Entertainment. Enhanced movie. Community. All combined to create a fun, feel good adventure.
Like a lot of things in show business -- Pokemon Go is copying what's gone before while revealing a wildly profitable future.
Back in my day, we only had movies. But once in a while, somebody like Producer William Castle would come along to sell something like "13 Ghosts" -- where you were handed a special viewer as you entered the theatre which would allow you to see the ghosts in the movie. Ghosts invisible unless you used Castle's special device.
Castle would later go on to make films like "The Tingler" in which seats in the theatre were wired to shock audience members into believing they were being attacked by the titular character.
But these highly successful marketing schemes were really just an enhancement of something that had been going on in movie houses since the 1930's -- "The Spook Show".
I went to my first Spook Show when I was about 12. A local movie house was screening a couple of classic Frankenstein films on Halloween. But there was more to the show than that.
There was a magician doing spooky illusions, Dracula and the Mummy wandering the aisles looking for victims, and best of all -- between the two movies -- a woman in a cage who transformed into a Gorilla before our shocked eyes -- said Ape then breaking from the cage to chase us all into the lobby to buy more popcorn.
This was a sideshow attraction accomplished with lighting and skrims that's still around today and still sends shocked rubes scrambling for the safety of the midway at its climax.
Over the last while, I've blogged about 3D and VR and other ways films are marketed. And while you might be able to come up with an enhanced reality app for your own film, perhaps the way things are going is actually back where they've been before -- offering audiences something more than just going to the local multiplex to see a film.
Maybe your rom-com should be introduced by a set from a local stand-up comic.
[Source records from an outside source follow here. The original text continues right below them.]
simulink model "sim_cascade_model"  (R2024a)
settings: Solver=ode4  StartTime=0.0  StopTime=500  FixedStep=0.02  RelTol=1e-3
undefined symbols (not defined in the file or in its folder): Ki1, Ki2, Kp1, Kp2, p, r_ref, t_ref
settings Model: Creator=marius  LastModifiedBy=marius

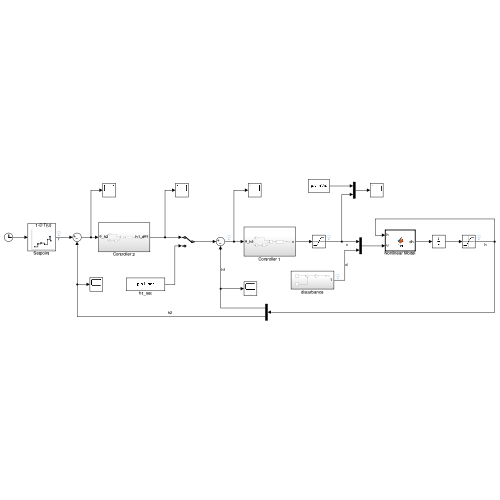
[thumbnail: Simulink's stored preview of the top-level diagram]
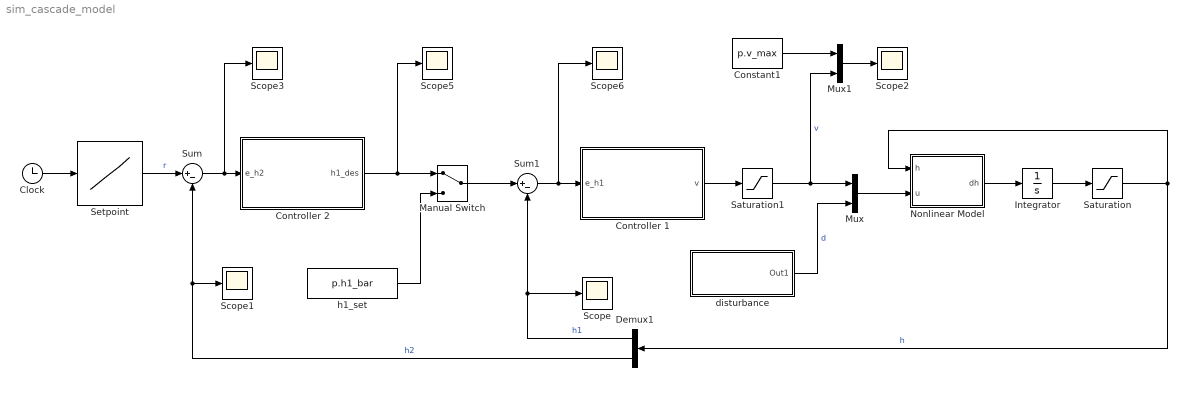
== system sim_cascade_model ==
  Clock : Clock
  Constant1 : Constant  Value=p.v_max
  Controller 1 : Subsystem
  Controller 2 : Subsystem
  Demux1 : Demux  Outputs=2
  Integrator : Integrator  InitialCondition=[p.h1_bar; p.h2_bar]
  Manual Switch : ManualSwitch
  Mux : Mux  Inputs=2
  Mux1 : Mux  Inputs=2
  Nonlinear Model : MATLAB Function  TreatAsAtomicUnit=on
  Saturation : Saturate  UpperLimit=p.h_max  LowerLimit=0
  Saturation1 : Saturate  UpperLimit=p.v_max  LowerLimit=0
  Scope{,1..3,5..6} (6 alike) : Scope
  Setpoint : Lookup_n-D  NumberOfTableDimensions=1  BreakpointsForDimension1=t_ref  Table=r_ref  InterpMethod=Flat  InternalRulePriority=Speed  RndMeth=Simplest
  Sum : Sum  Inputs=|+-
  Sum1 : Sum  Inputs=|+-
  disturbance : Subsystem
  h1_set : Constant  Value=p.h1_bar
  wires:
  Nonlinear Model/1(dh) -> Integrator/1
  Integrator/1 -> Saturation/1
  Mux/1 -> Nonlinear Model/2(u)
  Sum/1 -> Controller 2/1(e_h2), Scope3/1
  Setpoint/1 -> Sum/1  "r"
  disturbance/1(Out1) -> Mux/2  "d"
  Saturation/1 -> Nonlinear Model/1(h), Demux1/1  "h"
  Saturation1/1 -> Mux/1, Mux1/2  "v"
  Demux1/1 -> Scope/1, Sum1/2  "h1"
  Demux1/2 -> Scope1/1, Sum/2  "h2"
  Sum1/1 -> Scope6/1, Controller 1/1(e_h1)
  Manual Switch/1 -> Sum1/1
  Controller 2/1(h1_des) -> Scope5/1, Manual Switch/1
  h1_set/1 -> Manual Switch/2
  Mux1/1 -> Scope2/1
  Constant1/1 -> Mux1/1
  Controller 1/1(v) -> Saturation1/1
  Clock/1 -> Setpoint/1

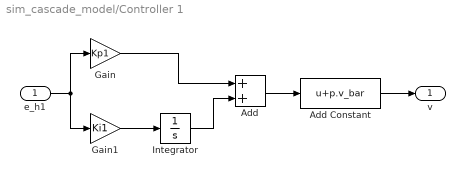
== system sim_cascade_model/Controller 1 ==
  e_h1 : Inport
  Add : Sum
  Add Constant : Bias  Bias=p.v_bar  SaturateOnIntegerOverflow=off
  Gain : Gain  Gain=Kp1
  Gain1 : Gain  Gain=Ki1
  Integrator : Integrator
  v : Outport
  wires:
  e_h1/1 -> Gain1/1, Gain/1
  Gain1/1 -> Integrator/1
  Integrator/1 -> Add/2
  Gain/1 -> Add/1
  Add/1 -> Add Constant/1
  Add Constant/1 -> v/1

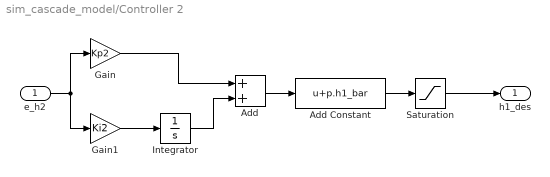
== system sim_cascade_model/Controller 2 ==
  e_h2 : Inport
  Add : Sum
  Add Constant : Bias  Bias=p.h1_bar  SaturateOnIntegerOverflow=off
  Gain : Gain  Gain=Kp2
  Gain1 : Gain  Gain=Ki2
  Integrator : Integrator
  Saturation : Saturate  UpperLimit=p.h_max  LowerLimit=0
  h1_des : Outport
  wires:
  e_h2/1 -> Gain1/1, Gain/1
  Gain1/1 -> Integrator/1
  Integrator/1 -> Add/2
  Gain/1 -> Add/1
  Add/1 -> Add Constant/1
  Add Constant/1 -> Saturation/1
  Saturation/1 -> h1_des/1

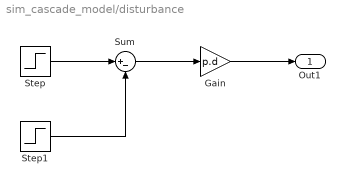
== system sim_cascade_model/disturbance ==
  Gain : Gain  Gain=p.d
  Step : Step  Time=p.dt_on  SampleTime=0
  Step1 : Step  Time=p.dt_off  SampleTime=0
  Sum : Sum  Inputs=|+-
  Out1 : Outport
  wires:
  Step/1 -> Sum/1
  Sum/1 -> Gain/1
  Step1/1 -> Sum/2
  Gain/1 -> Out1/1

== matlab function sim_cascade_model/Nonlinear Model ==
  data: h input; u input; dh output; p parameter
function dh = fcn(h, u, p)
    [dh, y] = nonlinear_model(h, u, p);
end

Perhaps your audience could have their own laser blasters to fire at the invading aliens in your sci-fi, CGI epic.
And what would be the harm of augmenting your horror film with a live spook show.
It might ensure that you get a longer theatrical run (and more publicity) before you disappear into the Netflix back catalog.
If you want to see the future, it never hurts to glance back into the past.
Enjoy Your Sunday.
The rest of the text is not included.